Data entries
* * * *

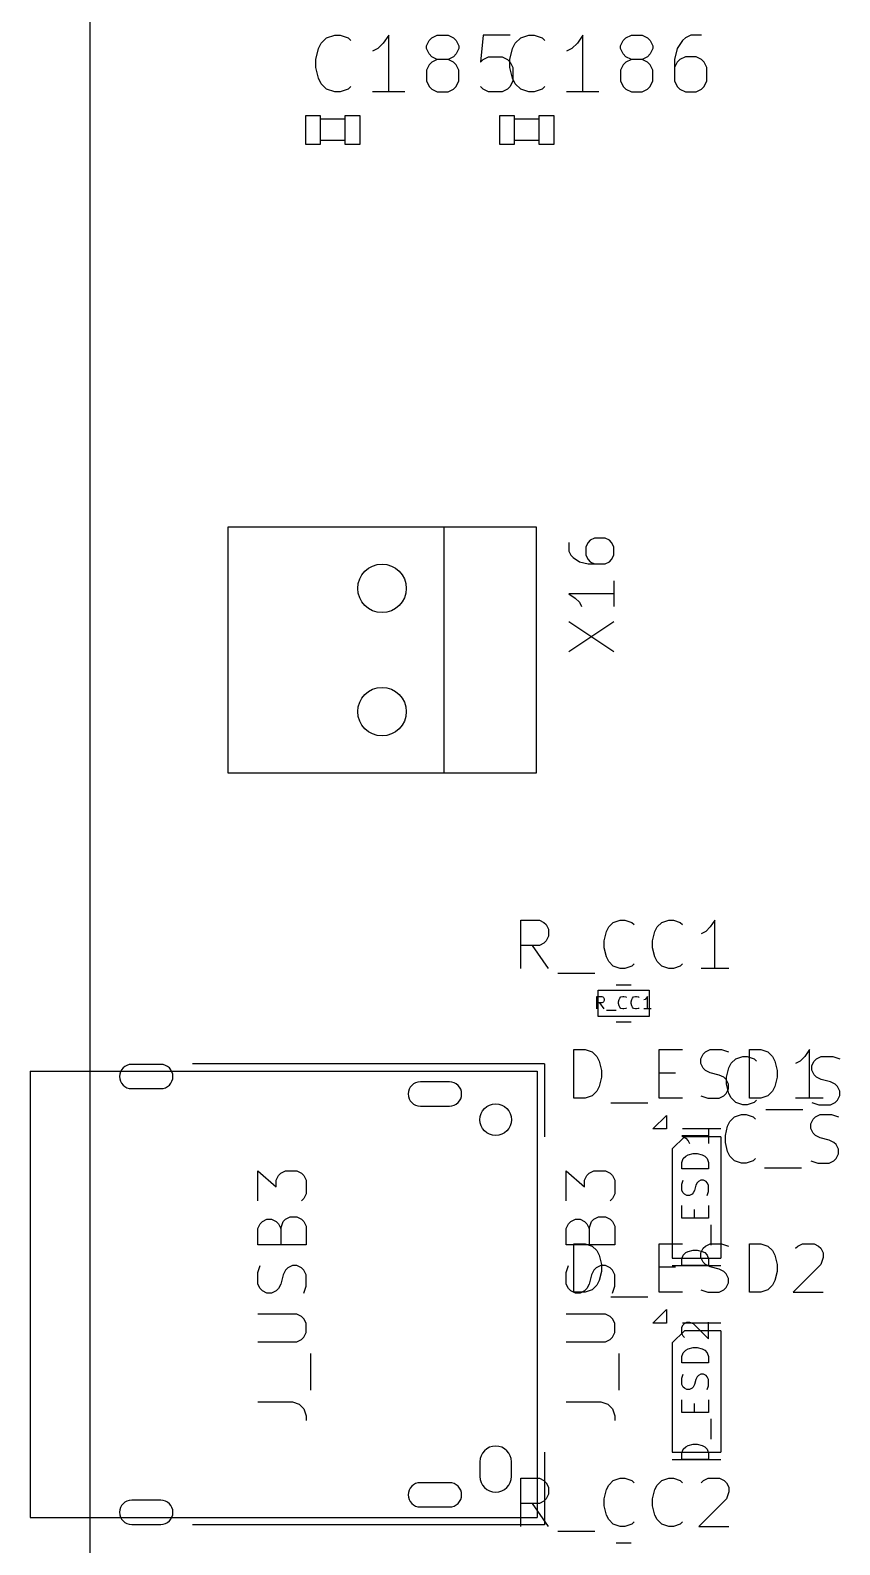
# Model space of a CAD drawing. Header units: millimetres. Extents: x -1 to 260, y -56 to 300.
# Drawn here: x -1.23 to 15.45, y 202.84 to 234.05 of the extents above; entities that cross this region are included whole.
import ezdxf

# ---------------------------------------------------------------- set-up
doc = ezdxf.new("R2010")
doc.units = ezdxf.units.MM
for name, color, linetype, true_color in [('Edge.Cuts', 254, 'CONTINUOUS', 0xd0d2cd), ('F.Fab', 9, 'CONTINUOUS', 0xafafaf), ('F.Silkscreen', 41, 'CONTINUOUS', 0xf2eda1)]:
    doc.layers.add(name, color=color, linetype=linetype, true_color=true_color)

msp = doc.modelspace()

# ---------------------------------------------------------------- linework, layer by layer
at = {"layer": 'Edge.Cuts', "linetype": 'CONTINUOUS'}
for p, q in [((0, 300), (0, 0)), ((1.46, 212.74), (0.86, 212.74)), ((0.86, 212.24), (1.46, 212.24)), ((7.41, 212.38), (6.81, 212.38)), ((6.81, 211.88), (7.41, 211.88)), ((8.035001, 204.55), (8.035001, 204.25)), ((8.684999, 204.25), (8.684999, 204.55)), ((7.41, 204.12), (6.81, 204.12)), ((1.46, 203.76), (0.86, 203.76)), ((6.81, 203.62), (7.41, 203.62)), ((0.86, 203.26), (1.46, 203.26))]:
    msp.add_line(p, q, dxfattribs=at)
at = {"layer": 'Edge.Cuts'}
for centre, radius in [((6.02, 222.55), 0.5), ((6.02, 220.01), 0.5), ((8.36, 211.6), 0.324999)]:
    msp.add_circle(centre, radius, dxfattribs=at)
for centre, radius, start, end in [((0.86, 212.49), 0.25, 90, 270), ((1.46, 212.49), 0.25, 270, 450), ((6.81, 212.13), 0.25, 90, 270), ((7.41, 212.13), 0.25, 270, 450), ((8.36, 204.55), 0.324999, 360, 540), ((6.81, 203.87), 0.25, 90, 270), ((7.41, 203.87), 0.25, 270, 450), ((8.36, 204.25), 0.324999, 180, 360), ((0.86, 203.51), 0.25, 90, 270), ((1.46, 203.51), 0.25, 270, 450)]:
    msp.add_arc(centre, radius, start, end, dxfattribs=at)
at = {"layer": 'F.Fab', "linetype": 'CONTINUOUS'}
for p, q in [((4.446, 231.6952), (4.446, 232.2951)), ((4.446, 232.2951), (4.746, 232.2951)), ((4.746, 232.2951), (4.746, 231.6952)), ((4.755, 232.224), (5.245, 232.224)), ((5.2588, 231.6952), (5.2588, 232.2951)), ((5.2588, 232.2951), (5.5588, 232.2951)), ((5.5588, 232.2951), (5.5588, 231.6952)), ((8.446, 231.6952), (8.446, 232.2951)), ((8.446, 232.2951), (8.746, 232.2951)), ((8.746, 232.2951), (8.746, 231.6952)), ((8.755, 232.224), (9.245, 232.224)), ((9.2588, 231.6952), (9.2588, 232.2951)), ((9.2588, 232.2951), (9.5588, 232.2951)), ((9.5588, 232.2951), (9.5588, 231.6952)), ((4.746, 231.6952), (4.446, 231.6952)), ((5.245, 231.776), (4.755, 231.776)), ((5.5588, 231.6952), (5.2588, 231.6952)), ((8.746, 231.6952), (8.446, 231.6952)), ((9.245, 231.776), (8.755, 231.776)), ((9.5588, 231.6952), (9.2588, 231.6952)), ((10.449047, 213.881799), (10.449047, 214.141799)), ((10.449047, 214.141799), (10.548095, 214.141799)), ((10.475, 214.27), (11.525, 214.27)), ((10.475, 213.73), (10.475, 214.27)), ((10.548095, 214.141799), (10.572857, 214.129418)), ((10.572857, 214.129418), (10.585238, 214.117037)), ((10.585238, 214.117037), (10.597619, 214.092275)), ((10.597619, 214.092275), (10.597619, 214.055132)), ((10.907142, 214.079894), (10.919523, 214.104656)), ((10.919523, 214.104656), (10.944285, 214.129418)), ((10.944285, 214.129418), (10.981428, 214.141799)), ((10.981428, 214.141799), (11.00619, 214.141799)), ((11.00619, 214.141799), (11.043333, 214.129418)), ((11.043333, 214.129418), (11.055714, 214.117037)), ((11.167142, 214.079894), (11.179523, 214.104656)), ((11.179523, 214.104656), (11.204285, 214.129418)), ((11.204285, 214.129418), (11.241428, 214.141799)), ((11.241428, 214.141799), (11.26619, 214.141799)), ((11.26619, 214.141799), (11.303333, 214.129418)), ((11.303333, 214.129418), (11.315714, 214.117037)), ((11.464285, 214.104656), (11.439523, 214.079894)), ((11.489047, 214.141799), (11.464285, 214.104656)), ((11.489047, 213.881799), (11.489047, 214.141799)), ((11.525, 214.27), (11.525, 213.73)), ((10.548095, 214.005608), (10.449047, 214.005608)), ((10.597619, 213.881799), (10.510952, 214.005608)), ((10.572857, 214.017989), (10.548095, 214.005608)), ((10.585238, 214.03037), (10.572857, 214.017989)), ((10.597619, 214.055132), (10.585238, 214.03037)), ((10.647143, 213.857037), (10.845238, 213.857037)), ((10.894761, 214.03037), (10.907142, 214.079894)), ((10.894761, 213.993227), (10.894761, 214.03037)), ((10.907142, 213.943703), (10.894761, 213.993227)), ((10.919523, 213.918941), (10.907142, 213.943703)), ((10.944285, 213.89418), (10.919523, 213.918941)), ((10.981428, 213.881799), (10.944285, 213.89418)), ((11.00619, 213.881799), (10.981428, 213.881799)), ((11.043333, 213.89418), (11.00619, 213.881799)), ((11.055714, 213.90656), (11.043333, 213.89418)), ((11.154761, 214.03037), (11.167142, 214.079894)), ((11.154761, 213.993227), (11.154761, 214.03037)), ((11.167142, 213.943703), (11.154761, 213.993227)), ((11.179523, 213.918941), (11.167142, 213.943703)), ((11.204285, 213.89418), (11.179523, 213.918941)), ((11.241428, 213.881799), (11.204285, 213.89418)), ((11.26619, 213.881799), (11.241428, 213.881799)), ((11.303333, 213.89418), (11.26619, 213.881799)), ((11.315714, 213.90656), (11.303333, 213.89418)), ((11.439523, 214.079894), (11.414761, 214.067513)), ((11.563333, 213.881799), (11.414761, 213.881799)), ((11.525, 213.73), (10.475, 213.73)), ((-1.23, 212.6), (-1.23, 203.4)), ((-1.23, 212.6), (9.22, 212.6)), ((1.46, 212.74), (0.86, 212.74)), ((9.22, 212.6), (9.22, 203.4)), ((0.86, 212.24), (1.46, 212.24)), ((7.41, 212.38), (6.81, 212.38)), ((6.81, 211.88), (7.41, 211.88)), ((12.74924, 211.427381), (12.74924, 211.113095)), ((12.25, 211.25), (12, 211)), ((12, 211), (12, 208.75)), ((12.74924, 211.270238), (12.19924, 211.270238)), ((12.19924, 211.270238), (12.277811, 211.217857)), ((13, 211.25), (12.25, 211.25)), ((12.277811, 211.217857), (12.330192, 211.165476)), ((12.330192, 211.165476), (12.356383, 211.113095)), ((13, 211.25), (13, 208.75)), ((12.19924, 210.720238), (12.22543, 210.79881)), ((12.19924, 210.589286), (12.19924, 210.720238)), ((12.22543, 210.79881), (12.277811, 210.851191)), ((12.277811, 210.851191), (12.330192, 210.877381)), ((12.330192, 210.877381), (12.434954, 210.903572)), ((12.434954, 210.903572), (12.513526, 210.903572)), ((12.513526, 210.903572), (12.618288, 210.877381)), ((12.618288, 210.877381), (12.670669, 210.851191)), ((12.670669, 210.851191), (12.72305, 210.79881)), ((12.72305, 210.79881), (12.74924, 210.720238)), ((12.74924, 210.720238), (12.74924, 210.589286)), ((3.457419, 209.928572), (3.457419, 210.547619)), ((3.457419, 210.547619), (3.838371, 210.214286)), ((3.838371, 210.357143), (3.88599, 210.452381)), ((3.838371, 210.214286), (3.838371, 210.357143)), ((3.88599, 210.452381), (3.933609, 210.5)), ((3.933609, 210.5), (4.028847, 210.547619)), ((4.028847, 210.547619), (4.266942, 210.547619)), ((4.266942, 210.547619), (4.36218, 210.5)), ((4.36218, 210.5), (4.4098, 210.452381)), ((4.4098, 210.452381), (4.457419, 210.357143)), ((4.457419, 210.357143), (4.457419, 210.071429)), ((12.74924, 210.589286), (12.19924, 210.589286)), ((12.19924, 210.275), (12.22543, 210.353571)), ((12.592097, 210.353571), (12.539716, 210.327381)), ((12.644478, 210.353571), (12.592097, 210.353571)), ((12.696859, 210.327381), (12.644478, 210.353571)), ((4.457419, 210.071429), (4.4098, 209.976191)), ((12.19924, 210.144047), (12.19924, 210.275)), ((12.22543, 210.091666), (12.19924, 210.144047)), ((12.251621, 210.065476), (12.22543, 210.091666)), ((12.304002, 210.039285), (12.251621, 210.065476)), ((12.356383, 210.039285), (12.304002, 210.039285)), ((12.408764, 210.065476), (12.356383, 210.039285)), ((12.434954, 210.091666), (12.408764, 210.065476)), ((12.461145, 210.144047), (12.434954, 210.091666)), ((12.487335, 210.248809), (12.461145, 210.144047)), ((12.513526, 210.30119), (12.487335, 210.248809)), ((12.539716, 210.327381), (12.513526, 210.30119)), ((12.72305, 210.30119), (12.696859, 210.327381)), ((12.74924, 210.248809), (12.72305, 210.30119)), ((12.72305, 210.039285), (12.74924, 210.117857)), ((12.74924, 210.117857), (12.74924, 210.248809)), ((4.4098, 209.976191), (4.36218, 209.928572)), ((12.19924, 209.567857), (12.19924, 209.829762)), ((12.461145, 209.567857), (12.461145, 209.75119)), ((12.74924, 209.829762), (12.74924, 209.567857)), ((3.457419, 209.357143), (3.505038, 209.452381)), ((3.505038, 209.452381), (3.552657, 209.5)), ((3.552657, 209.5), (3.647895, 209.547619)), ((3.647895, 209.547619), (3.743133, 209.547619)), ((3.743133, 209.547619), (3.838371, 209.5)), ((3.838371, 209.5), (3.88599, 209.452381)), ((3.88599, 209.452381), (3.933609, 209.357143)), ((3.933609, 209.357143), (3.981228, 209.5)), ((3.981228, 209.5), (4.028847, 209.547619)), ((4.028847, 209.547619), (4.124085, 209.595238)), ((4.124085, 209.595238), (4.266942, 209.595238)), ((4.266942, 209.595238), (4.36218, 209.547619)), ((4.36218, 209.547619), (4.4098, 209.5)), ((4.4098, 209.5), (4.457419, 209.404762)), ((12.74924, 209.567857), (12.19924, 209.567857)), ((12.801621, 209.017857), (12.801621, 209.436904)), ((3.457419, 209.02381), (3.457419, 209.357143)), ((3.933609, 209.357143), (3.933609, 209.02381)), ((4.457419, 209.404762), (4.457419, 209.02381)), ((4.457419, 209.02381), (3.457419, 209.02381)), ((12.19924, 208.729761), (12.22543, 208.808333)), ((12.22543, 208.808333), (12.277811, 208.860714)), ((12.277811, 208.860714), (12.330192, 208.886904)), ((12.330192, 208.886904), (12.434954, 208.913095)), ((12.434954, 208.913095), (12.513526, 208.913095)), ((12.513526, 208.913095), (12.618288, 208.886904)), ((12.618288, 208.886904), (12.670669, 208.860714)), ((12.670669, 208.860714), (12.72305, 208.808333)), ((12.72305, 208.808333), (12.74924, 208.729761)), ((3.457419, 208.452381), (3.505038, 208.595238)), ((4.028847, 208.5), (3.981228, 208.404762)), ((4.076466, 208.547619), (4.028847, 208.5)), ((4.171704, 208.595238), (4.076466, 208.547619)), ((4.266942, 208.595238), (4.171704, 208.595238)), ((4.36218, 208.547619), (4.266942, 208.595238)), ((4.4098, 208.5), (4.36218, 208.547619)), ((4.457419, 208.404762), (4.4098, 208.5)), ((12, 208.75), (13, 208.75)), ((12.19924, 208.598809), (12.19924, 208.729761)), ((12.74924, 208.598809), (12.19924, 208.598809)), ((12.74924, 208.729761), (12.74924, 208.598809)), ((3.457419, 208.214286), (3.457419, 208.452381)), ((3.505038, 208.119048), (3.457419, 208.214286)), ((3.933609, 208.214286), (3.88599, 208.119048)), ((3.981228, 208.404762), (3.933609, 208.214286)), ((4.4098, 208.02381), (4.457419, 208.166667)), ((4.457419, 208.166667), (4.457419, 208.404762)), ((3.552657, 208.071429), (3.505038, 208.119048)), ((3.647895, 208.02381), (3.552657, 208.071429)), ((3.743133, 208.02381), (3.647895, 208.02381)), ((3.838371, 208.071429), (3.743133, 208.02381)), ((3.88599, 208.119048), (3.838371, 208.071429)), ((4.266942, 207.595238), (3.457419, 207.595238)), ((4.36218, 207.547619), (4.266942, 207.595238)), ((4.4098, 207.5), (4.36218, 207.547619)), ((4.457419, 207.404762), (4.4098, 207.5)), ((4.457419, 207.214286), (4.457419, 207.404762)), ((12.25, 207.25), (12, 207)), ((12.19924, 207.322619), (12.22543, 207.375)), ((12.19924, 207.191667), (12.19924, 207.322619)), ((12.22543, 207.375), (12.251621, 207.401191)), ((13, 207.25), (12.25, 207.25)), ((12.251621, 207.401191), (12.304002, 207.427381)), ((12.304002, 207.427381), (12.356383, 207.427381)), ((12.356383, 207.427381), (12.434954, 207.401191)), ((12.434954, 207.401191), (12.74924, 207.086905)), ((12.74924, 207.086905), (12.74924, 207.427381)), ((13, 207.25), (13, 204.75)), ((3.457419, 207.02381), (4.266942, 207.02381)), ((4.266942, 207.02381), (4.36218, 207.071429)), ((4.36218, 207.071429), (4.4098, 207.119048)), ((4.4098, 207.119048), (4.457419, 207.214286)), ((12, 207), (12, 204.75)), ((12.22543, 207.139286), (12.19924, 207.191667)), ((12.251621, 207.113095), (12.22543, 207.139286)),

* * * *

» INSTRUCTIONS TO FOLLOW
For every line above that holds the string "radius", add one to a count; give that count alone.

» WRITTEN REPLY
4